--- Input data Enclosed Below ---

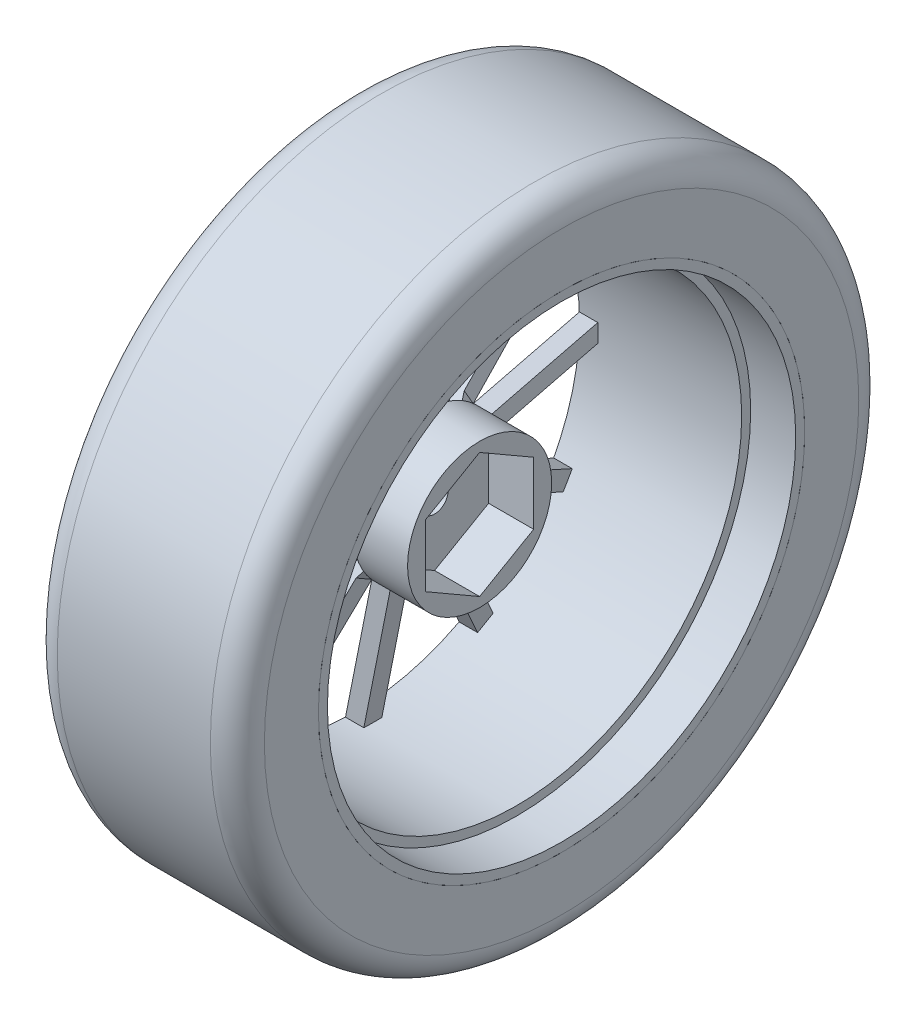
SolidWorks part; units mm, degrees
ref_plane "Front Plane" through (0, 0, 0) normal (0, 0, 1) x (1, 0, 0)
ref_plane "Top Plane" through (0, 0, 0) normal (0, 1, 0) x (1, 0, 0)
ref_plane "Right Plane" through (0, 0, 0) normal (1, 0, 0) x (0, 0, -1)
sketch "Sketch1" plane through (0, 0, 0) normal (1, 0, 0) x (0, 0, -1)
  line L1 (0, 6.9282) -> (-6, 3.4641)
  line L2 (-6, 3.4641) -> (-6, -3.4641)
  line L3 (-6, -3.4641) -> (0, -6.9282)
  line L4 (0, -6.9282) -> (6, -3.4641)
  line L5 (6, -3.4641) -> (6, 3.4641)
  line L6 (6, 3.4641) -> (0, 6.9282)
  circle A0 centre (0, 0) radius 6 construction
  circle A1 centre (0, 0) radius 8
  dimension "D1" = 12
  dimension "D2" = 16
extrude "Boss-Extrude1" add sketch "Sketch1" along normal blind 5
sketch "Sketch2" plane through (0, 0, 0) normal (-1, 0, 0) x (0, 0, 1)
  circle A1 centre (0, 0) radius 8
  circle A2 centre (0, 0) radius 8
  dimension "D1" = 0
extrude "Boss-Extrude2" add sketch "Sketch2" along normal blind 1 separate body
sketch "Sketch3" plane through (-1, 0, 0) normal (-1, 0, 0) x (0, 0, 1)
  circle A0 centre (0, 0) radius 1.5
  dimension "D1" = 3
extrude "Cut-Extrude1" cut sketch "Sketch3" against normal blind 3
sketch "Sketch4" plane through (0, 0, 0) normal (0, 1, 0) x (1, 0, 0)
  line L0 (0, 0) -> (-1, 0)
  line L1 (-1, 8) -> (-1, -8) construction
  line L2 (-1, 0) -> (-5.4812, 7.805)
  line L3 (-5.4812, 7.805) -> (-8.8984, 25)
  line L4 (0.1617, 1.9935) -> (0.1617, 1.9935)
  line L5 (-1, 4.0168) -> (-3.5835, 8.5165)
  line L6 (-3.5835, 8.5165) -> (-6.8592, 25)
  line L7 (-3.5835, 8.5165) -> (-5.9119, 20.2331) construction
  line L8 (-1, 0) -> (-1, 4.0168)
  line L9 (0.1617, 1.9935) -> (-3.5835, 8.5165) construction
  line L11 (-5.4812, 7.805) -> (-7.8736, 19.8432) construction
  line L13 (-6.8592, 25) -> (-8.8984, 25)
  dimension "D3" = 9
  dimension "D4" = 2
extrude "Boss-Extrude3" add sketch "Sketch4" along normal mid plane 2 separate body contours L6 L3 L2 L8 L5 region at (-5.2172, 0, -13.1872)
sketch "Sketch5" plane through (0, 0, 0) normal (1, 0, 0) x (0, 0, -1)
  circle A0 centre (0, 0) radius 1.5
extrude "Cut-Extrude2" cut sketch "Sketch5" against normal blind 50
pattern_circular "CirPattern3" count 12 over 360 about axis through (-1, 0, 0) along (-1, 0, 0) of bodies 105
ref_plane "Plane3" through (-8.9, 0, 0) normal (1, 0, 0) x (0, 0, -1)
sketch "Sketch12" plane through (-8.9, 0, 0) normal (1, 0, 0) x (0, 0, -1)
  circle A0 centre (0, 0) radius 27
  circle A1 centre (0, 0) radius 25
  dimension "D1" = 54
  dimension "D2" = 2
extrude "Boss-Extrude5" add sketch "Sketch12" along normal blind 2
sketch "Sketch14" plane through (-8.9, 0, 0) normal (-1, 0, 0) x (0, 0, 1)
  circle A0 centre (0, 0) radius 36
  circle A1 centre (0, 0) radius 27 construction
  circle A2 centre (0, 0) radius 27
  circle A3 centre (0, 0) radius 25
  circle M2 centre (0, 0) radius 27
  circle M3 centre (0, 0) radius 25
  dimension "D1" = 72
extrude "Boss-Extrude7" add sketch "Sketch14" against normal blind 3 contours M2 M3 region at (-8.9, 0, -26.2363)
sketch "Sketch15" plane through (-5.9, 0, 0) normal (1, 0, 0) x (0, 0, -1)
  circle A0 centre (0, 0) radius 26
  circle A1 centre (0, 0) radius 25 construction
  circle A3 centre (0, 0) radius 25
  dimension "D2" = 52
extrude "Boss-Extrude8" add sketch "Sketch15" along normal blind 15
sketch "Sketch16" plane through (9.1, 0, 0) normal (1, 0, 0) x (0, 0, -1)
  circle A0 centre (0, 0) radius 27
  circle A1 centre (0, 0) radius 26 construction
  circle A2 centre (0, 0) radius 26
  dimension "D1" = 54
extrude "Boss-Extrude9" add sketch "Sketch16" along normal blind 5 separate body
sketch "Sketch17" plane through (-8.9, 0, 0) normal (-1, 0, 0) x (0, 0, 1)
  circle A0 centre (0, 0) radius 36
  circle A1 centre (0, 0) radius 27 construction
  circle A2 centre (0, 0) radius 27
  dimension "D1" = 72
extrude "Boss-Extrude10" add sketch "Sketch17" against normal blind 23 separate body
fillet "Fillet3" radius 3 2 edges at (14.1, 0, 36) (-8.9, 0, 36)
ref_plane "Plane4" through (0, 36, 0) normal (0, 1, 0) x (1, 0, 0)

--- End of Enclosed Input data ---

Would you filter the records and copy out each line containing "separate"?

**Expected output**:
extrude "Boss-Extrude2" add sketch "Sketch2" along normal blind 1 separate body
extrude "Boss-Extrude3" add sketch "Sketch4" along normal mid plane 2 separate body contours L6 L3 L2 L8 L5 region at (-5.2172, 0, -13.1872)
extrude "Boss-Extrude9" add sketch "Sketch16" along normal blind 5 separate body
extrude "Boss-Extrude10" add sketch "Sketch17" against normal blind 23 separate body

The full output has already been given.